Wednesday, November 7, 2007

Freedom of Speech?


A reporter said recently, I felt dirty writing about it. I feel the same. And I don’t know how to get that feeling out of my system. It is odd how it brought together my hometown, my faith and my life.

York, Pennsylvania is scattered throughout my writings; probably all writers invoke the places they grew up; "beginning places" are part of your DNA. To keep in touch I take to reading the online version of the York Dispatch … ever so often a name or place has a unique meaning.

In March of last year I read an OB for a soldier killed in a war I deeply believe is wrong. There was a picture of a 20 year old boy, “killed in a non combat-related vehicle accident in Anbar Province.” Lance Cpl. Matthew A. Snyder. I played with “Snyders” when I was a kid.
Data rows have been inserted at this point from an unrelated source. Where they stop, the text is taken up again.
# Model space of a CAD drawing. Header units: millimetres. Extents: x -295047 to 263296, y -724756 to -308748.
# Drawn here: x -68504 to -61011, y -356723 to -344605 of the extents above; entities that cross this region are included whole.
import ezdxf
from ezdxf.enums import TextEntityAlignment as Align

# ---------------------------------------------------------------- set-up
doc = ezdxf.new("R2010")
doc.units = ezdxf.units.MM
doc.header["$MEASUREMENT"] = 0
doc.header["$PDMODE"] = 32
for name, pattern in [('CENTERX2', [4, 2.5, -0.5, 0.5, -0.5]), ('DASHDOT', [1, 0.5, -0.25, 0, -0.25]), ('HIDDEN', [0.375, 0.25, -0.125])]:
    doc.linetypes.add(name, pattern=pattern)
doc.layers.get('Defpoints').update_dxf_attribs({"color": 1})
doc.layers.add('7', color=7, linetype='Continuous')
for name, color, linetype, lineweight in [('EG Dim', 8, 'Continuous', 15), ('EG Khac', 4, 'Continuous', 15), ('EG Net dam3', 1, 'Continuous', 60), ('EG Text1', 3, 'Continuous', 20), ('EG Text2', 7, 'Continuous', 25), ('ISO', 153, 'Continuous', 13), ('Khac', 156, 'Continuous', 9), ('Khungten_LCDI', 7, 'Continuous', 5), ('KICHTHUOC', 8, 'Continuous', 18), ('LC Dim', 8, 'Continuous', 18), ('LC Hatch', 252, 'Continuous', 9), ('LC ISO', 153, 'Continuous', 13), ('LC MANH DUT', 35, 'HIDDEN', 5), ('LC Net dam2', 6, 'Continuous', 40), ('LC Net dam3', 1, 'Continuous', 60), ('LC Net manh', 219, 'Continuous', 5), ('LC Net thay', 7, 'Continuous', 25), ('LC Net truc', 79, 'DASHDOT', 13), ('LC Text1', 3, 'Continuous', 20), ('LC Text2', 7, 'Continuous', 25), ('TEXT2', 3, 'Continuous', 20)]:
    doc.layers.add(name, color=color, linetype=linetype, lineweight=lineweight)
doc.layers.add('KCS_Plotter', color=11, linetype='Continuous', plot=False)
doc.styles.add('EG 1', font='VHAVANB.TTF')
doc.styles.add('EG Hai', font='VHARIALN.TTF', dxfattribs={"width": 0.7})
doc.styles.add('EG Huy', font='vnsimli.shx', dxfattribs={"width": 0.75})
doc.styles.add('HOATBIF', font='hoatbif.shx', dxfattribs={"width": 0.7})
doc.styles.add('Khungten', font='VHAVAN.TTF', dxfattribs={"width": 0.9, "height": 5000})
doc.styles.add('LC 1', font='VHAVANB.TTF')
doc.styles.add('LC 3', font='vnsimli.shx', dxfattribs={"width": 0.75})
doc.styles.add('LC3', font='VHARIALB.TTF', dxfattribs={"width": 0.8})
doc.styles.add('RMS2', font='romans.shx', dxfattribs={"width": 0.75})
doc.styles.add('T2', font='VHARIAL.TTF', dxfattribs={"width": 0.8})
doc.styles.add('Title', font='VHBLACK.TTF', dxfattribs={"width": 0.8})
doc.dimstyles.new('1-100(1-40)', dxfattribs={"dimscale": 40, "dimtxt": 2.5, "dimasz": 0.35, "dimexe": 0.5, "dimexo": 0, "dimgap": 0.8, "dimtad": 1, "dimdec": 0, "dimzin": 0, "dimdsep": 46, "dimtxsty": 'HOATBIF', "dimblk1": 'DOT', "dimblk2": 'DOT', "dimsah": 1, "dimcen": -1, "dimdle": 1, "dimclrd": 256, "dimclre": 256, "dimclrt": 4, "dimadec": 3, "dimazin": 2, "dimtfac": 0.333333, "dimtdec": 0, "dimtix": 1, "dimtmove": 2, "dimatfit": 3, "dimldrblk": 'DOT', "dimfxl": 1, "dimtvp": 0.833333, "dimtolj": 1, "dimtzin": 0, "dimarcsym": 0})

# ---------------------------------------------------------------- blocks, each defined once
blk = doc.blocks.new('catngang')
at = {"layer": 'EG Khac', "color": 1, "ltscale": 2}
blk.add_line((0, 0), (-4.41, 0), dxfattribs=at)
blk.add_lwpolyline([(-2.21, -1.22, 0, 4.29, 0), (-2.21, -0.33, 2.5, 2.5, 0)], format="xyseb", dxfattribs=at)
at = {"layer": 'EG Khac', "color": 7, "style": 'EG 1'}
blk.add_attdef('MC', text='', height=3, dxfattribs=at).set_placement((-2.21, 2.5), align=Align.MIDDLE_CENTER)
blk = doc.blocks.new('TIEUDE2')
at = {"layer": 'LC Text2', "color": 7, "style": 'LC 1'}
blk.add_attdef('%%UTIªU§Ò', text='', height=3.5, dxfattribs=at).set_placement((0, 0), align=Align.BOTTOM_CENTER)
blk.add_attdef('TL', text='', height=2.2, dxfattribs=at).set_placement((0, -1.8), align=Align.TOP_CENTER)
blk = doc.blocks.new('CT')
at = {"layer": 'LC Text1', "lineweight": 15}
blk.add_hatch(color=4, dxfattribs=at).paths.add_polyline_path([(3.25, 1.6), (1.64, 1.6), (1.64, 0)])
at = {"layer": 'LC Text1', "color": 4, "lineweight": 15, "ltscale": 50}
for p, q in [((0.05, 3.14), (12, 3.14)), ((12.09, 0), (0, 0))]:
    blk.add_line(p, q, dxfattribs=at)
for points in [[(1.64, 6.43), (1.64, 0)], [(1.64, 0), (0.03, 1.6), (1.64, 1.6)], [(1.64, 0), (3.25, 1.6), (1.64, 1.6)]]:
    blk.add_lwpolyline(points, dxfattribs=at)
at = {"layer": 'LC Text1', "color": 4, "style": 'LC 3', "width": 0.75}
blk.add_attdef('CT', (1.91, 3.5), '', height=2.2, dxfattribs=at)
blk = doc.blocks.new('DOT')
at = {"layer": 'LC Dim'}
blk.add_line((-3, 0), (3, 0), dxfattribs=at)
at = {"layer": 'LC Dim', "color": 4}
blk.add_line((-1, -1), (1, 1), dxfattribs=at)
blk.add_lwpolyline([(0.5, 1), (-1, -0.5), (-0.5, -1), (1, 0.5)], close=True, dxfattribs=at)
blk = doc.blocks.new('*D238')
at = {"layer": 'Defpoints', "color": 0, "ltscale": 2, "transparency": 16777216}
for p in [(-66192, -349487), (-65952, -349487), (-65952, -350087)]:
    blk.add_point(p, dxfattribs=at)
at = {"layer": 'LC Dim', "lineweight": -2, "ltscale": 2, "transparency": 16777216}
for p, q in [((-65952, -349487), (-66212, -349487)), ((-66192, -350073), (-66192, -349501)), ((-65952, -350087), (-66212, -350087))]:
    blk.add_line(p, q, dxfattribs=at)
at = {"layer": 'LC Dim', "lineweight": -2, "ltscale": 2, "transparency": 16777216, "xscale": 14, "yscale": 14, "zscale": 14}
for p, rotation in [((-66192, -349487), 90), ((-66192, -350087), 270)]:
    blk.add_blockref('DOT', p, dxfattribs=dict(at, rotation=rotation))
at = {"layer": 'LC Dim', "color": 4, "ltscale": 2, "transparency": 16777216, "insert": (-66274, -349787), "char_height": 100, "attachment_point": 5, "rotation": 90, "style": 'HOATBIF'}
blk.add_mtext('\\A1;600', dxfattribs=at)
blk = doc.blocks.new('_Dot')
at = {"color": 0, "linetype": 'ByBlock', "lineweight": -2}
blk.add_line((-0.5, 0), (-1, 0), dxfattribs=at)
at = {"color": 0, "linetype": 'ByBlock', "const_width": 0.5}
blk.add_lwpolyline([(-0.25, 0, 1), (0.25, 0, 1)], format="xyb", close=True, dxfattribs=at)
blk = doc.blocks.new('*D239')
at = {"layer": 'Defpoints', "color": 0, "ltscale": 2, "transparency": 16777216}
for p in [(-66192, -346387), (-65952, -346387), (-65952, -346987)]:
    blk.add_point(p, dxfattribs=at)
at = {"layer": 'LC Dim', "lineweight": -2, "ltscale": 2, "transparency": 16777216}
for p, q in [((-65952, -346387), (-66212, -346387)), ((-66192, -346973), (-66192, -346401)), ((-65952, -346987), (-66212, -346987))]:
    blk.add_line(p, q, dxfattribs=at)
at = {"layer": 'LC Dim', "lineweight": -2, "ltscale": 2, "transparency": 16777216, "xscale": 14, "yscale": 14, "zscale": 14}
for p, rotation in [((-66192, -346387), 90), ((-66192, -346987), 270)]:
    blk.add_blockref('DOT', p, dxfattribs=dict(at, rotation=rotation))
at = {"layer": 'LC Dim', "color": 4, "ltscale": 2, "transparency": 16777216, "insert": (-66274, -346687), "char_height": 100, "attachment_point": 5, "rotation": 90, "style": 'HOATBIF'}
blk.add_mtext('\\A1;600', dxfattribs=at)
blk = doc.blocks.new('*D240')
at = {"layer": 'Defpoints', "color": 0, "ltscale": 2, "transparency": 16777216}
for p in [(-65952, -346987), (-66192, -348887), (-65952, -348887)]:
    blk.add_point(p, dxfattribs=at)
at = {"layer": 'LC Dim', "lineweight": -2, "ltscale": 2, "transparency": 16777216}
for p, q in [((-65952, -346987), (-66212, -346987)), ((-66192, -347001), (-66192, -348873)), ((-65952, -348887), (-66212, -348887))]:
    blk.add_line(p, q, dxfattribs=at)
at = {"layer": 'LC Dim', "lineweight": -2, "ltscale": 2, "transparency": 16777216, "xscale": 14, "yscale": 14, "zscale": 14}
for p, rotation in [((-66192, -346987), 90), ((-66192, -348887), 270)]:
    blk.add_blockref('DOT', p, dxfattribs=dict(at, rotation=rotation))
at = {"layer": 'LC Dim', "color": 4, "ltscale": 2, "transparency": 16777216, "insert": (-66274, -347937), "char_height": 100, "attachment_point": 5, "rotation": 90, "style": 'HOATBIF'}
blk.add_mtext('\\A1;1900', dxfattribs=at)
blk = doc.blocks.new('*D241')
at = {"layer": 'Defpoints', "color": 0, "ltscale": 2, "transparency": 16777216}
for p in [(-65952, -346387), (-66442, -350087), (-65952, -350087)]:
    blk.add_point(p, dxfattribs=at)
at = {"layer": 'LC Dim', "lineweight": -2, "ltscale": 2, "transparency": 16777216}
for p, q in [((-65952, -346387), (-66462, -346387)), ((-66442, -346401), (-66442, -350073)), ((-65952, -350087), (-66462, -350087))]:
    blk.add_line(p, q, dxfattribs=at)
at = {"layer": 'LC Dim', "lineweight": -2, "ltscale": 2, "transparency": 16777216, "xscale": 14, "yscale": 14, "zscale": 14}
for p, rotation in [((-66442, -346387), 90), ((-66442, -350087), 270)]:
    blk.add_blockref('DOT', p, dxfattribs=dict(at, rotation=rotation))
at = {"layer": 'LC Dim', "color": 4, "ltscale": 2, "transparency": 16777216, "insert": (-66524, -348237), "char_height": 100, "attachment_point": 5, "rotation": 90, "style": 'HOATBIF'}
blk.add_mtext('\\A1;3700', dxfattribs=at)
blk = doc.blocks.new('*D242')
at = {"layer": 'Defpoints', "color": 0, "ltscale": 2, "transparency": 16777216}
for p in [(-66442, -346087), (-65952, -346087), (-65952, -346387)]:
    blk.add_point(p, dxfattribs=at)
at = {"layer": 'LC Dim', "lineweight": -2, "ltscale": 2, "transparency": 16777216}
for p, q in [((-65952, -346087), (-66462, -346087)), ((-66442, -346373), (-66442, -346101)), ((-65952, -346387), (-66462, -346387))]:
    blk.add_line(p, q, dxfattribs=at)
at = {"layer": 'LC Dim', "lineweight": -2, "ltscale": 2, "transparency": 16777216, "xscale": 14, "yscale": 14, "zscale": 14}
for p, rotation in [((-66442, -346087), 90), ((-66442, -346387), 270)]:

The paper said he was a good Catholic boy; his aunt: "He was a wonderful son, and we're very proud of him and he served our country well.” I could not look at his picture without remembering the friends I’ve lost in other wars and thinking again, "what a waste."

Then yesterday in the on line Huffington Post I found a John Ridley column which began, “God Hates Fags? – NOT ANY MORE -- the Fred Phelps (of the) "God Hates Fags” family of the loving Christian Church (sic) in Topeka Kansas (has) finally being sued for protesting a soldier's funeral and a jury awarded the plaintiff $11 million for invasion of privacy and emotional distress.”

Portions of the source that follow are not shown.